GDIT security experts use both Splunk and Elastic ML capabilities in their work with federal agencies, to establish a baseline of behavior for anomaly and pattern detection, according to GDIT’s Sarmanian.
Hunting for Threats
Another tool gaining traction in the federal space is Sqrrl’s Threat Hunting Platform, built on a foundation of Apache Hadoop and Accumulo, an open source database originally developed at the National Security Agency, Sarmanian notes.
Sqrrl’s threat hunting capabilities are grounded in the concept of a behavior graph combining linked data with various types of advanced algorithms including ML, Bayesian statistics and graph algorithms. Sqrrl goes beyond simple log search and histograms. It provides linked data analysis and visualization capabilities, which involve the fusion of disparate data sources. These use defined ontologies to better enable ad hoc data interrogation, greater contextual awareness, faster search and more intuitive visualization, Sqrrl officials say.
Machine Learning Savvy
Insider threats require different types of analytics, says Chris Meenan, director of QRadar Management and Strategy with IBM Security.
“It is not about a specific vulnerability being exploited or a specific malware that has a signature associated with it,” Meenan points out. “It is about someone who has gone rogue, who uses entitlement to do their job, but starts to use that in a malicious way. So that requires analytics that is more behavior-based.”
IBM’s QRadar is a SIEM platform that detects anomalies and uncovers advanced threats through the consolidation of log events, network flow data from thousands of devices and endpoints and applications distributed throughout a network. ML extends the predictive modeling capabilities of QRadar and its User Behavior Analytics application.
ML helps analysts build models of user behavior. One single threshold cannot be applied across an organization because different groups of people have different job functions, requirements and work habits. A marketing staffer might travel often and log into the network from remote locations multiple times per week, while an administrative employee might only log in from a desktop computer at work. Analysts can build models for these employee profiles that anticipate what kinds of work they do, what types of files and apps they access and whether they are authorized to use privileged accounts. Such model-driven security is becoming more common, Meenan says.
Sven Krasser, chief scientist with CrowdStrike, a developer of ML-based endpoint security tools, says it’s relatively easy to build a machine learning model for such uses. The hard part is the integration of that machine learning model into a larger infrastructure. “You need to collect and normalize the data,” he says. “You need to have a data strategy where you are collecting data that is useful to machine learning and does not cause breakage.”
Finally, as valuable as ML technology is, it’s important to recognize that it’s a tool – not magic. ML is only effective in situations where there’s enough data generated to provide insight into IT network traffic.

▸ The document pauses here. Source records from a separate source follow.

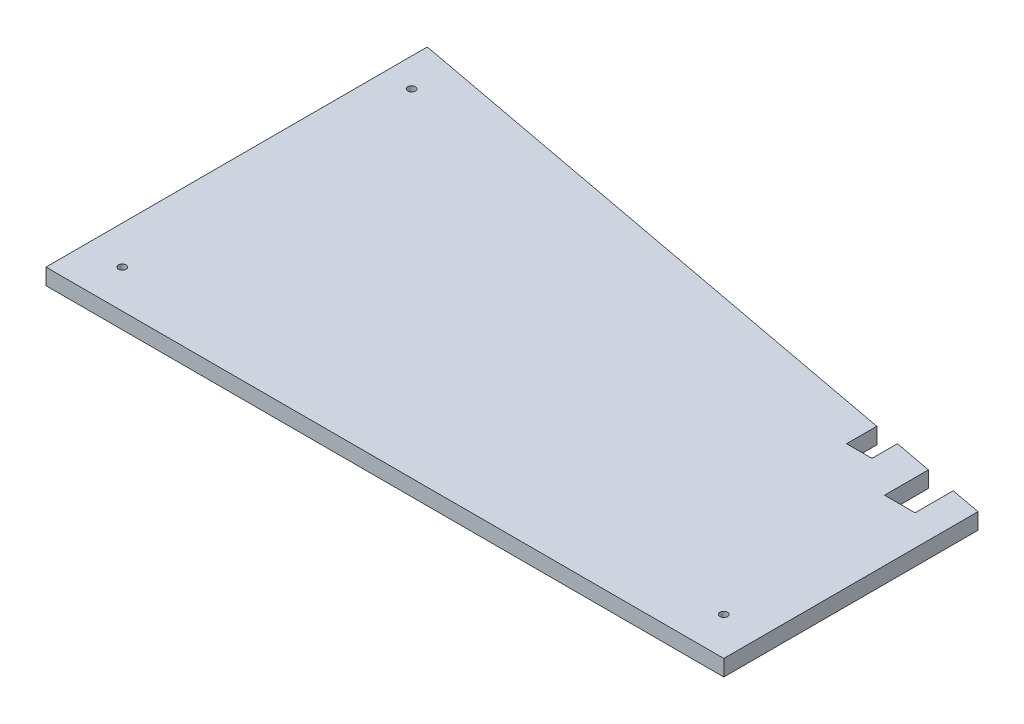
ISO-10303-21;
HEADER;
FILE_DESCRIPTION(('STEP AP214'),'2;1');
FILE_NAME('part.step','',(''),(''),'','','');
FILE_SCHEMA(('AUTOMOTIVE_DESIGN { 1 0 10303 214 1 1 1 1 }'));
ENDSEC;
DATA;
#1=APPLICATION_CONTEXT('core data for automotive mechanical design processes');
#2=APPLICATION_PROTOCOL_DEFINITION('international standard','automotive_design',2000,#1);
#3=PRODUCT_CONTEXT('',#1,'mechanical');
#4=PRODUCT('Part','Part','',(#3));
#5=PRODUCT_RELATED_PRODUCT_CATEGORY('part','',(#4));
#6=PRODUCT_DEFINITION_FORMATION('','',#4);
#7=PRODUCT_DEFINITION_CONTEXT('part definition',#1,'design');
#8=PRODUCT_DEFINITION('design','',#6,#7);
#9=PRODUCT_DEFINITION_SHAPE('','',#8);
#10=(LENGTH_UNIT() NAMED_UNIT(*) SI_UNIT(.MILLI.,.METRE.));
#11=(NAMED_UNIT(*) PLANE_ANGLE_UNIT() SI_UNIT($,.RADIAN.));
#12=(NAMED_UNIT(*) SI_UNIT($,.STERADIAN.) SOLID_ANGLE_UNIT());
#13=UNCERTAINTY_MEASURE_WITH_UNIT(LENGTH_MEASURE(1.E-05),#10,'distance_accuracy_value','');
#14=(GEOMETRIC_REPRESENTATION_CONTEXT(3) GLOBAL_UNCERTAINTY_ASSIGNED_CONTEXT((#13)) GLOBAL_UNIT_ASSIGNED_CONTEXT((#10,
#11,#12)) REPRESENTATION_CONTEXT('',''));
#15=CARTESIAN_POINT('',(0.,0.,0.));
#16=DIRECTION('',(0.,0.,1.));
#17=DIRECTION('',(1.,0.,0.));
#18=AXIS2_PLACEMENT_3D('',#15,#16,#17);
#19=CARTESIAN_POINT('',(0.,6.35,0.));
#20=DIRECTION('',(0.,1.,0.));
#21=DIRECTION('',(0.,0.,1.));
#22=AXIS2_PLACEMENT_3D('',#19,#20,#21);
#23=PLANE('',#22);
#24=CARTESIAN_POINT('',(15.,6.35,-15.));
#25=DIRECTION('',(0.,1.,0.));
#26=DIRECTION('',(0.,0.,1.));
#27=AXIS2_PLACEMENT_3D('',#24,#25,#26);
#28=CIRCLE('',#27,1.5);
#29=CARTESIAN_POINT('',(15.,6.35,-13.5));
#30=VERTEX_POINT('',#29);
#31=EDGE_CURVE('E327',#30,#30,#28,.T.);
#32=ORIENTED_EDGE('',*,*,#31,.F.);
#33=EDGE_LOOP('',(#32));
#34=FACE_BOUND('',#33,.T.);
#35=DIRECTION('',(0.,0.,1.));
#36=VECTOR('',#35,1.);
#37=CARTESIAN_POINT('',(0.,6.35,-150.));
#38=LINE('',#37,#36);
#39=CARTESIAN_POINT('',(0.,6.35,-150.));
#40=VERTEX_POINT('',#39);
#41=CARTESIAN_POINT('',(0.,6.35,0.));
#42=VERTEX_POINT('',#41);
#43=EDGE_CURVE('E200',#40,#42,#38,.T.);
#44=ORIENTED_EDGE('',*,*,#43,.T.);
#45=DIRECTION('',(1.,0.,0.));
#46=VECTOR('',#45,1.);
#47=CARTESIAN_POINT('',(0.,6.35,0.));
#48=LINE('',#47,#46);
#49=CARTESIAN_POINT('',(266.65,6.35,0.));
#50=VERTEX_POINT('',#49);
#51=EDGE_CURVE('E112',#42,#50,#48,.T.);
#52=ORIENTED_EDGE('',*,*,#51,.T.);
#53=DIRECTION('',(0.,0.,-1.));
#54=VECTOR('',#53,1.);
#55=CARTESIAN_POINT('',(266.65,6.35,0.));
#56=LINE('',#55,#54);
#57=CARTESIAN_POINT('',(266.65,6.35,-100.));
#58=VERTEX_POINT('',#57);
#59=EDGE_CURVE('E237',#50,#58,#56,.T.);
#60=ORIENTED_EDGE('',*,*,#59,.T.);
#61=DIRECTION('',(-0.982870100460058,0.,-0.184299662565171));
#62=VECTOR('',#61,1.);
#63=CARTESIAN_POINT('',(266.65,6.35,-100.));
#64=LINE('',#63,#62);
#65=CARTESIAN_POINT('',(254.65,6.35,-102.25014063379));
#66=VERTEX_POINT('',#65);
#67=EDGE_CURVE('E257',#58,#66,#64,.T.);
#68=ORIENTED_EDGE('',*,*,#67,.T.);
#69=DIRECTION('',(0.,0.,1.));
#70=VECTOR('',#69,1.);
#71=CARTESIAN_POINT('',(254.65,6.35,-87.2501406337896));
#72=LINE('',#71,#70);
#73=CARTESIAN_POINT('',(254.65,6.35,-87.2501406337896));
#74=VERTEX_POINT('',#73);
#75=EDGE_CURVE('E253',#66,#74,#72,.T.);
#76=ORIENTED_EDGE('',*,*,#75,.T.);
#77=DIRECTION('',(-0.999995760709284,0.,0.00291179729023164));
#78=VECTOR('',#77,1.);
#79=CARTESIAN_POINT('',(242.650050871489,6.35,-87.2151990663068));
#80=LINE('',#79,#78);
#81=CARTESIAN_POINT('',(242.650050871489,6.35,-87.2151990663068));
#82=VERTEX_POINT('',#81);
#83=EDGE_CURVE('E256',#74,#82,#80,.T.);
#84=ORIENTED_EDGE('',*,*,#83,.T.);
#85=DIRECTION('',(0.,0.,-1.));
#86=VECTOR('',#85,1.);
#87=CARTESIAN_POINT('',(242.650050871489,6.35,-104.500271728579));
#88=LINE('',#87,#86);
#89=CARTESIAN_POINT('',(242.650050871489,6.35,-104.500271728579));
#90=VERTEX_POINT('',#89);
#91=EDGE_CURVE('E261',#82,#90,#88,.T.);
#92=ORIENTED_EDGE('',*,*,#91,.T.);
#93=DIRECTION('',(-0.982870100460058,0.,-0.184299662565171));
#94=VECTOR('',#93,1.);
#95=CARTESIAN_POINT('',(242.650050871489,6.35,-104.500271728579));
#96=LINE('',#95,#94);
#97=CARTESIAN_POINT('',(227.650050871489,6.35,-107.312947520816));
#98=VERTEX_POINT('',#97);
#99=EDGE_CURVE('E268',#90,#98,#96,.T.);
#100=ORIENTED_EDGE('',*,*,#99,.T.);
#101=DIRECTION('',(0.,0.,1.));
#102=VECTOR('',#101,1.);
#103=CARTESIAN_POINT('',(227.650050871489,6.35,-97.3129475208159));
#104=LINE('',#103,#102);
#105=CARTESIAN_POINT('',(227.650050871489,6.35,-97.3129475208159));
#106=VERTEX_POINT('',#105);
#107=EDGE_CURVE('E143',#98,#106,#104,.T.);
#108=ORIENTED_EDGE('',*,*,#107,.T.);
#109=DIRECTION('',(-0.999995760709285,0.,0.00291179729023254));
#110=VECTOR('',#109,1.);
#111=CARTESIAN_POINT('',(227.650050871489,6.35,-97.3129475208159));
#112=LINE('',#111,#110);
#113=CARTESIAN_POINT('',(217.650050871489,6.35,-97.2838294244735));
#114=VERTEX_POINT('',#113);
#115=EDGE_CURVE('E137',#106,#114,#112,.T.);
#116=ORIENTED_EDGE('',*,*,#115,.T.);
#117=DIRECTION('',(0.,0.,-1.));
#118=VECTOR('',#117,1.);
#119=CARTESIAN_POINT('',(217.650050871489,6.35,-97.2838294244735));
#120=LINE('',#119,#118);
#121=CARTESIAN_POINT('',(217.650050871489,6.35,-109.188064715641));
#122=VERTEX_POINT('',#121);
#123=EDGE_CURVE('E141',#114,#122,#120,.T.);
#124=ORIENTED_EDGE('',*,*,#123,.T.);
#125=DIRECTION('',(-0.982870100460058,0.,-0.184299662565171));
#126=VECTOR('',#125,1.);
#127=CARTESIAN_POINT('',(217.650050871489,6.35,-109.188064715641));
#128=LINE('',#127,#126);
#129=EDGE_CURVE('E57',#122,#40,#128,.T.);
#130=ORIENTED_EDGE('',*,*,#129,.T.);
#131=EDGE_LOOP('',(#44,#52,#60,#68,#76,#84,#92,#100,#108,#116,#124,#130));
#132=FACE_BOUND('',#131,.T.);
#133=CARTESIAN_POINT('',(251.65,6.35,-15.));
#134=DIRECTION('',(0.,1.,0.));
#135=DIRECTION('',(0.,0.,1.));
#136=AXIS2_PLACEMENT_3D('',#133,#134,#135);
#137=CIRCLE('',#136,1.50000000000002);
#138=CARTESIAN_POINT('',(251.65,6.35,-13.5));
#139=VERTEX_POINT('',#138);
#140=EDGE_CURVE('E170',#139,#139,#137,.T.);
#141=ORIENTED_EDGE('',*,*,#140,.F.);
#142=EDGE_LOOP('',(#141));
#143=FACE_BOUND('',#142,.T.);
#144=CARTESIAN_POINT('',(11.1969277173947,6.35,-132.639018124475));
#145=DIRECTION('',(0.,1.,0.));
#146=DIRECTION('',(0.,0.,1.));
#147=AXIS2_PLACEMENT_3D('',#144,#145,#146);
#148=CIRCLE('',#147,1.5);
#149=CARTESIAN_POINT('',(11.1969277173947,6.35,-131.139018124475));
#150=VERTEX_POINT('',#149);
#151=EDGE_CURVE('E316',#150,#150,#148,.T.);
#152=ORIENTED_EDGE('',*,*,#151,.F.);
#153=EDGE_LOOP('',(#152));
#154=FACE_BOUND('',#153,.T.);
#155=ADVANCED_FACE('F39',(#34,#132,#143,#154),#23,.T.);
#156=CARTESIAN_POINT('',(0.,0.,0.));
#157=DIRECTION('',(0.,1.,0.));
#158=DIRECTION('',(0.,0.,1.));
#159=AXIS2_PLACEMENT_3D('',#156,#157,#158);
#160=PLANE('',#159);
#161=DIRECTION('',(0.,0.,1.));
#162=VECTOR('',#161,1.);
#163=CARTESIAN_POINT('',(0.,0.,-150.));
#164=LINE('',#163,#162);
#165=CARTESIAN_POINT('',(0.,0.,-150.));
#166=VERTEX_POINT('',#165);
#167=CARTESIAN_POINT('',(0.,0.,0.));
#168=VERTEX_POINT('',#167);
#169=EDGE_CURVE('E165',#166,#168,#164,.T.);
#170=ORIENTED_EDGE('',*,*,#169,.F.);
#171=DIRECTION('',(-0.982870100460058,0.,-0.184299662565171));
#172=VECTOR('',#171,1.);
#173=CARTESIAN_POINT('',(217.650050871489,0.,-109.188064715641));
#174=LINE('',#173,#172);
#175=CARTESIAN_POINT('',(217.650050871489,0.,-109.188064715641));
#176=VERTEX_POINT('',#175);
#177=EDGE_CURVE('E104',#176,#166,#174,.T.);
#178=ORIENTED_EDGE('',*,*,#177,.F.);
#179=DIRECTION('',(0.,0.,-1.));
#180=VECTOR('',#179,1.);
#181=CARTESIAN_POINT('',(217.650050871489,0.,-97.2838294244735));
#182=LINE('',#181,#180);
#183=CARTESIAN_POINT('',(217.650050871489,0.,-97.2838294244735));
#184=VERTEX_POINT('',#183);
#185=EDGE_CURVE('E98',#184,#176,#182,.T.);
#186=ORIENTED_EDGE('',*,*,#185,.F.);
#187=DIRECTION('',(-0.999995760709285,0.,0.00291179729023254));
#188=VECTOR('',#187,1.);
#189=CARTESIAN_POINT('',(227.650050871489,0.,-97.3129475208159));
#190=LINE('',#189,#188);
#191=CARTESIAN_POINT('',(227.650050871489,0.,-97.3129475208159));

“These are complex problems,” says GDIT’s Sarmanian. “You need to have the right data, you need to understand the complexity of the problem and you need to match the tools to the challenge in such a way that it can scale and adapt over time. Finally, you need to do all that within a finite budget. Get any of those wrong and things can spiral out of control in a heartbeat. This is one of those areas where experience makes a really big difference.”